PROMPT: Return the following from the records below: each line, word for word, starting with the line that contains "## Copyright and Authorship" and going on through the line that contains "## KiCad design LED-Cube_MK3.kicad_pcb", with nothing outside that range.

PROVIDED RECORDS:

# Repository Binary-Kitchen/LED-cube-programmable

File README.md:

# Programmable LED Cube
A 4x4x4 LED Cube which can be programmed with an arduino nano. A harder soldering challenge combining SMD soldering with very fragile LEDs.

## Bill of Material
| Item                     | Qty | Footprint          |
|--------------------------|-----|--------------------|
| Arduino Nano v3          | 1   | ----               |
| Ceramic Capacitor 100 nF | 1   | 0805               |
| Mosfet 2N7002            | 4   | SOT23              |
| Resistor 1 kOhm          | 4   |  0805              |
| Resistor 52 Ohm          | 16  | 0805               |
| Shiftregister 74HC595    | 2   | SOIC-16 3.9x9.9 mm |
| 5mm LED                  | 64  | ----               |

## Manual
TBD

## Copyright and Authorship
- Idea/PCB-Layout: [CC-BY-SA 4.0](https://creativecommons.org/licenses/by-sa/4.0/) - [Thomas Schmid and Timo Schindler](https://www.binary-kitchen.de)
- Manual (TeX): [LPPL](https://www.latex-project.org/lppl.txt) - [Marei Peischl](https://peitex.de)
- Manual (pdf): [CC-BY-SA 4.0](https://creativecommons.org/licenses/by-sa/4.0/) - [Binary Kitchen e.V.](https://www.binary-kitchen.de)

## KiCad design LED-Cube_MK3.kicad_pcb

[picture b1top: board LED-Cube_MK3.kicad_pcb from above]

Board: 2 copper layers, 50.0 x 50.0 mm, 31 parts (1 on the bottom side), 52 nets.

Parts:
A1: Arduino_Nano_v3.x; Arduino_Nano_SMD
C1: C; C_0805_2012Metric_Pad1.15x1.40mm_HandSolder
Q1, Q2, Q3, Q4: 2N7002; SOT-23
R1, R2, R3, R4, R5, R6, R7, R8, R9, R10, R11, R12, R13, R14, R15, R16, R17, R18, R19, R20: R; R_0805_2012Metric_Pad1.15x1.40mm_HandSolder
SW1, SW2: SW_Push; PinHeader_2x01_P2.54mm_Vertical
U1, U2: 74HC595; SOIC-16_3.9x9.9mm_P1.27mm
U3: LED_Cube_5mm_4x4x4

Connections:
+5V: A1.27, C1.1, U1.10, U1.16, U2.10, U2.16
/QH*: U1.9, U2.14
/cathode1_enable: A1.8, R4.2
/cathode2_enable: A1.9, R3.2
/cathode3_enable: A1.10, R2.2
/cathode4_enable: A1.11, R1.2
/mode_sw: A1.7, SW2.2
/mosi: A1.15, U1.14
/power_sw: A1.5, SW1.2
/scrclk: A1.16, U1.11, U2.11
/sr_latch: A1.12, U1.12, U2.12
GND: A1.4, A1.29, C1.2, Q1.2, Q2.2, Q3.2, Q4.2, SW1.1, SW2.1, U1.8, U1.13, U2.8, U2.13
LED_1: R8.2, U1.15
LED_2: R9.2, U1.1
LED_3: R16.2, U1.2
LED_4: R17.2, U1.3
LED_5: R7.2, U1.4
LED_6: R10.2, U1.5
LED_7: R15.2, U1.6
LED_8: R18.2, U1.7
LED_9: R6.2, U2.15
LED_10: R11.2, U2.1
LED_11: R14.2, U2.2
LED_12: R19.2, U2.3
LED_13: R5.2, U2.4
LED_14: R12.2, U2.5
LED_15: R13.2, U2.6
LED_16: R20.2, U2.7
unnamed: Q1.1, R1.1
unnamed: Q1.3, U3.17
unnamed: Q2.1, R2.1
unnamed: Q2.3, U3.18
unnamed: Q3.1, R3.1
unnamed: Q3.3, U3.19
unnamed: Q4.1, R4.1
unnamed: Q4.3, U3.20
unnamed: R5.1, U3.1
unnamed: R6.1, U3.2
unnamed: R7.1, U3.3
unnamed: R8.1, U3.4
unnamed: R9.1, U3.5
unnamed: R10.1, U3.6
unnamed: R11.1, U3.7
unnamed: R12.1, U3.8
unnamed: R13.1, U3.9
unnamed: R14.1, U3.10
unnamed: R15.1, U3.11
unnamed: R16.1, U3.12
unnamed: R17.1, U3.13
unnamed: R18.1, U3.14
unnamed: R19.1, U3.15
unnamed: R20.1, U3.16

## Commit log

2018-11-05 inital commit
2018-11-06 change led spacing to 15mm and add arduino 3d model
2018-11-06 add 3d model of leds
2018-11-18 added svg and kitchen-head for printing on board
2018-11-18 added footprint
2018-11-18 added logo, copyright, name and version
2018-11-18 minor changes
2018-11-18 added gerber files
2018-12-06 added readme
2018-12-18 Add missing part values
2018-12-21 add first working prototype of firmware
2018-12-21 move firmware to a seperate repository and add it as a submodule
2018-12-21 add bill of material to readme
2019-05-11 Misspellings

OUTPUT:
## Copyright and Authorship
- Idea/PCB-Layout: [CC-BY-SA 4.0](https://creativecommons.org/licenses/by-sa/4.0/) - [Thomas Schmid and Timo Schindler](https://www.binary-kitchen.de)
- Manual (TeX): [LPPL](https://www.latex-project.org/lppl.txt) - [Marei Peischl](https://peitex.de)
- Manual (pdf): [CC-BY-SA 4.0](https://creativecommons.org/licenses/by-sa/4.0/) - [Binary Kitchen e.V.](https://www.binary-kitchen.de)

## KiCad design LED-Cube_MK3.kicad_pcb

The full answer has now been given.